Until recently, drug companies largely ignored the world’s poor: few new drugs were created to combat tropical diseases and TB. The needs of the developing world also were neglected by the Human Genome Project, one of the great health-care breakthroughs in history.

The good news, according to Daar and Singer, is that real progress has been made over the last decade, thanks in part to funding from organizations such as the Bill & Melinda Gates Foundation and efforts by pharmaceutical companies and governments to make drugs available at little or no cost. But the biggest advances are being seen at the local level, where innovation is winning the day.

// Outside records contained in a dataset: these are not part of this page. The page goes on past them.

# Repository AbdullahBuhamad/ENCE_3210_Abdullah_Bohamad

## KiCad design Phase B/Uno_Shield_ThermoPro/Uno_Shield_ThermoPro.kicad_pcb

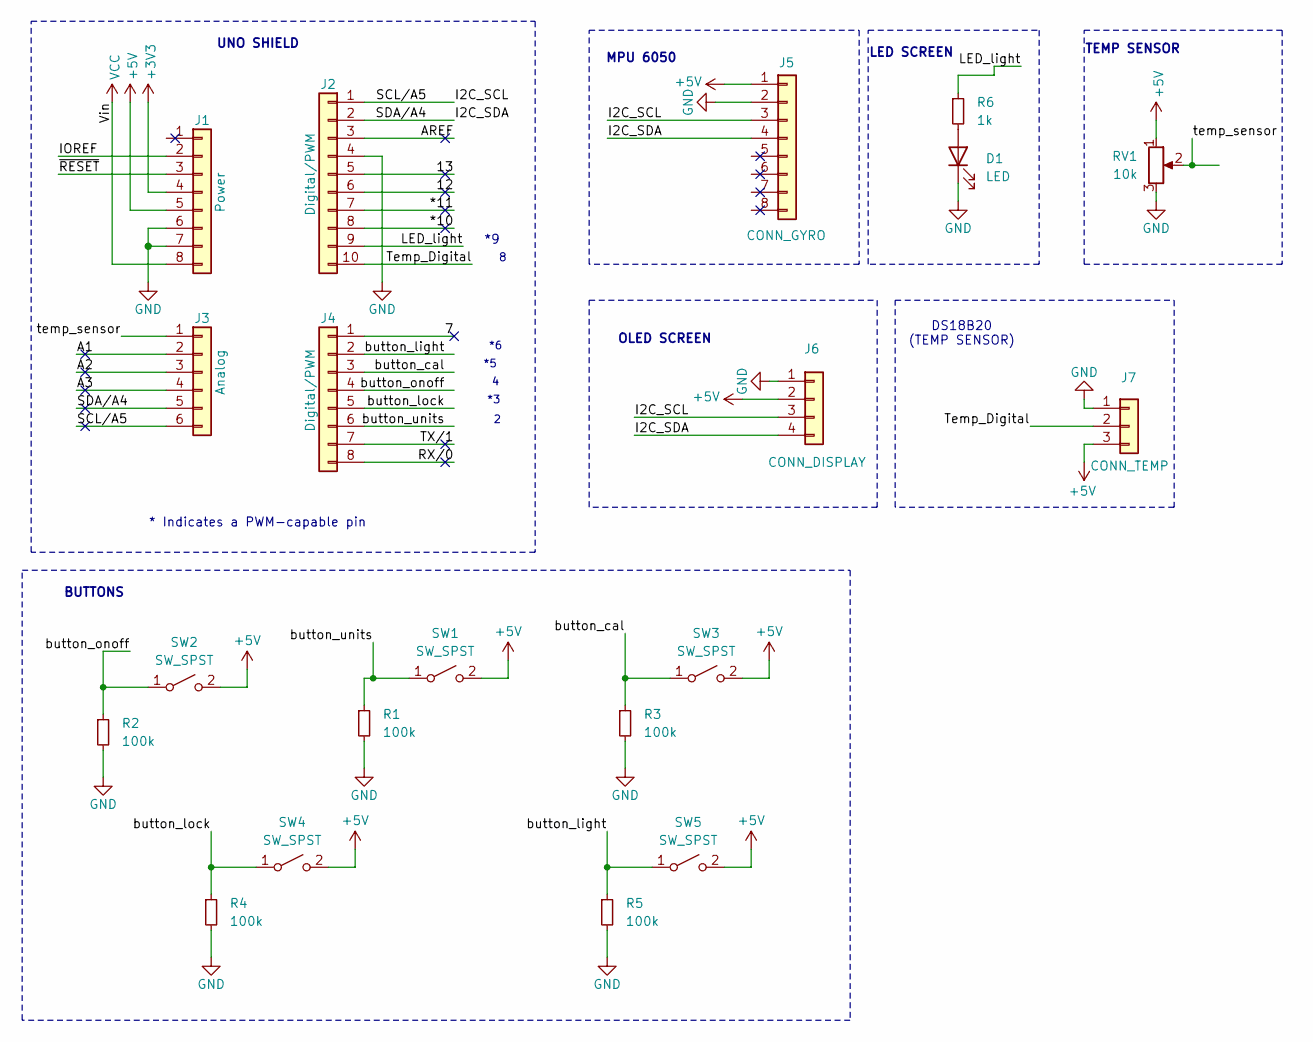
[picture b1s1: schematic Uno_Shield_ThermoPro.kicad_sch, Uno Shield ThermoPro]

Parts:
D1: LED; LED_D5.0mm
J1: Power; PinSocket_1x08_P2.54mm_Vertical
J2: Digital/PWM; PinSocket_1x10_P2.54mm_Vertical
J3: Analog; PinSocket_1x06_P2.54mm_Vertical
J4: Digital/PWM; PinSocket_1x08_P2.54mm_Vertical
J5: CONN_GYRO; PinSocket_1x08_P2.54mm_Vertical
J6: CONN_DISPLAY; PinSocket_1x04_P2.54mm_Vertical
J7: CONN_TEMP; JST_XH_B3B-XH-A_1x03_P2.50mm_Vertical
R1, R2, R3, R4, R5: 100k; R_Axial_DIN0411_L9.9mm_D3.6mm_P15.24mm_Horizontal
R6: 1k; R_Axial_DIN0411_L9.9mm_D3.6mm_P15.24mm_Horizontal
RV1: 10k; Potentiometer_Bourns_3386P_Vertical
SW1, SW2, SW3, SW4, SW5: SW_SPST; SW_PUSH_6mm

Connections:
+3V3: J1.4
+5V: J1.5, J5.1, J6.2, J7.3, RV1.1, SW1.2 (B), SW2.2 (B), SW3.2 (B), SW4.2 (B), SW5.2 (B)
/7: J4.1
/12: J2.6
/13: J2.5
/*10: J2.8
/*11: J2.7
/A1: J3.2
/A2: J3.3
/A3: J3.4
/AREF: J2.3
/I2C_SCL: J2.1, J3.6, J5.3, J6.3
/I2C_SDA: J2.2, J3.5, J5.4, J6.4
/IOREF: J1.2
/LED_light: J2.9, R6.1
/RX/0: J4.8
/TX/1: J4.7
/Temp_Digital: J2.10, J7.2
/button_cal: J4.3, R3.1, SW3.1 (A)
/button_light: J4.2, R5.1, SW5.1 (A)
/button_lock: J4.5, R4.1, SW4.1 (A)
/button_onoff: J4.4, R2.1, SW2.1 (A)
/button_units: J4.6, R1.1, SW1.1 (A)
/temp_sensor: J3.1, RV1.2
/~RESET: J1.3
GND: D1.1 (K), J1.6, J1.7, J2.4, J5.2, J6.1, J7.1, R1.2, R2.2, R3.2, R4.2, R5.2, RV1.3
unnamed: D1.2 (A), R6.2
VCC: J1.8

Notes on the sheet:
OLED SCREEN
TEMP SENSOR
UNO SHIELD
MPU 6050
LED SCREEN
DS18B20 (TEMP SENSOR)
* Indicates a PWM-capable pin
BUTTONS

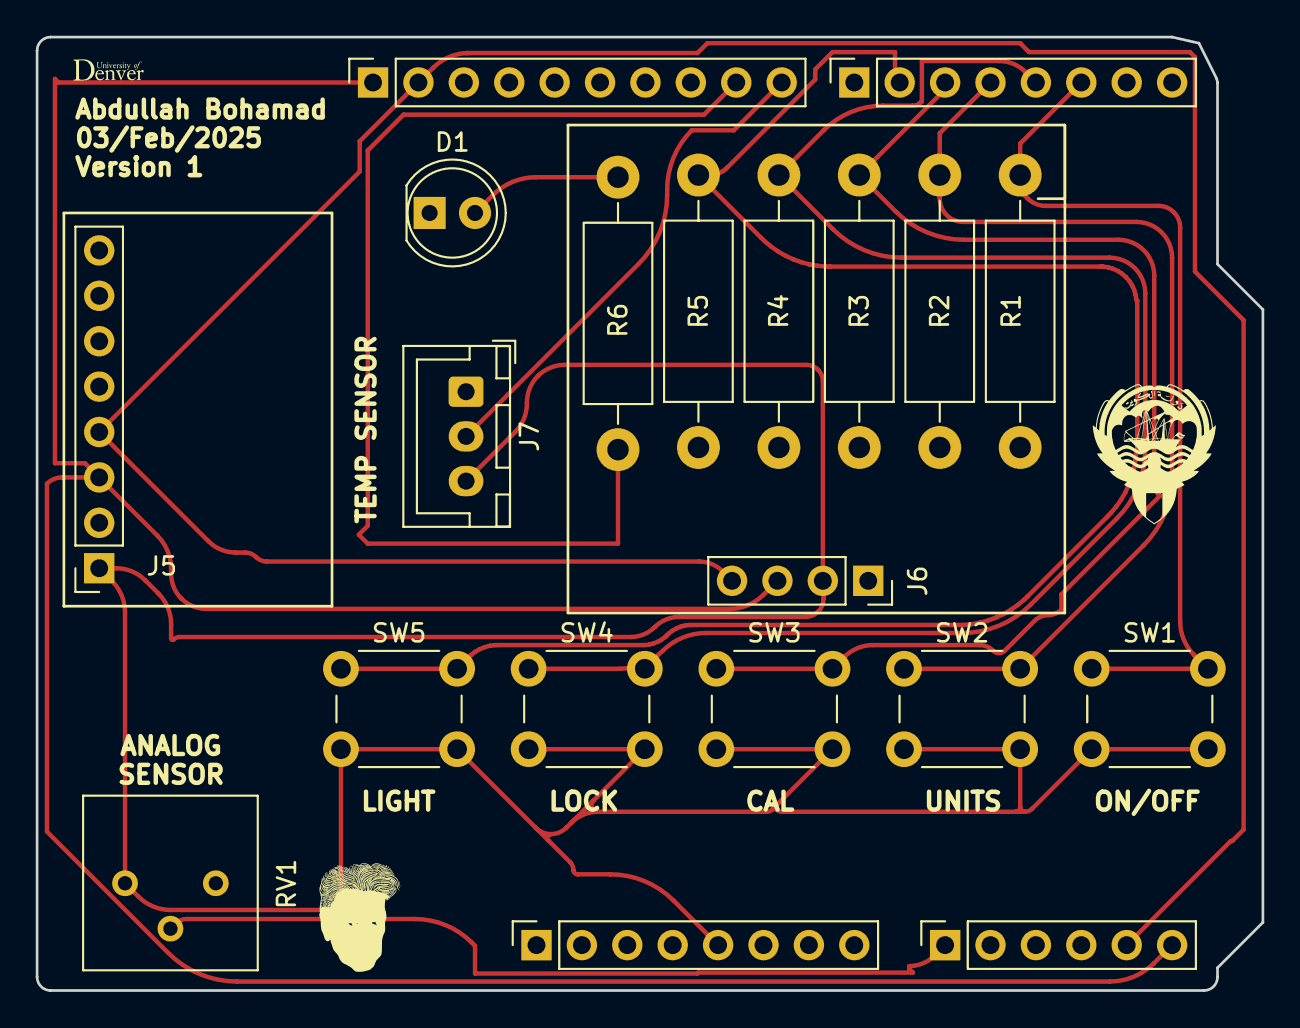
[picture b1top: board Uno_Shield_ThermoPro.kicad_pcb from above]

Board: 2 copper layers, 68.6 x 53.3 mm, 20 parts (0 on the bottom side), 13 nets.

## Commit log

2025-01-10 Lab 1
    Lab 1 Ex1
2025-01-10 Lab1_Ex1
2025-01-10 Create Lab 1
2025-01-15 Lab 1
2025-01-21 Lab 2

An increasing number of biotech start-ups are setting up shop in developing countries, and VC firms are chasing them. In Hyderabad, India, for example, Shantha Biotechnics created clever culture-growing techniques that dropped the cost of a vaccine dose for hepatitis B from $20 to $1. “Close to consumers, they understand the local market and health-delivery infrastructure,” write Daar and Singer. “They have the potential to invent and develop drugs at far lower cost than northern biotechs can.”

Meanwhile, funded efforts to address “grand challenge” questions are finally focusing on the health-care needs of the poor. Some teams, for example, are working on genetic modifications that would render the mosquito unable to transfer malaria. Those developments make Daar and Singer optimistic. “We contend that if we can answer these questions and overcome these obstacles, we can not only save lives, we can begin to imagine a new world.”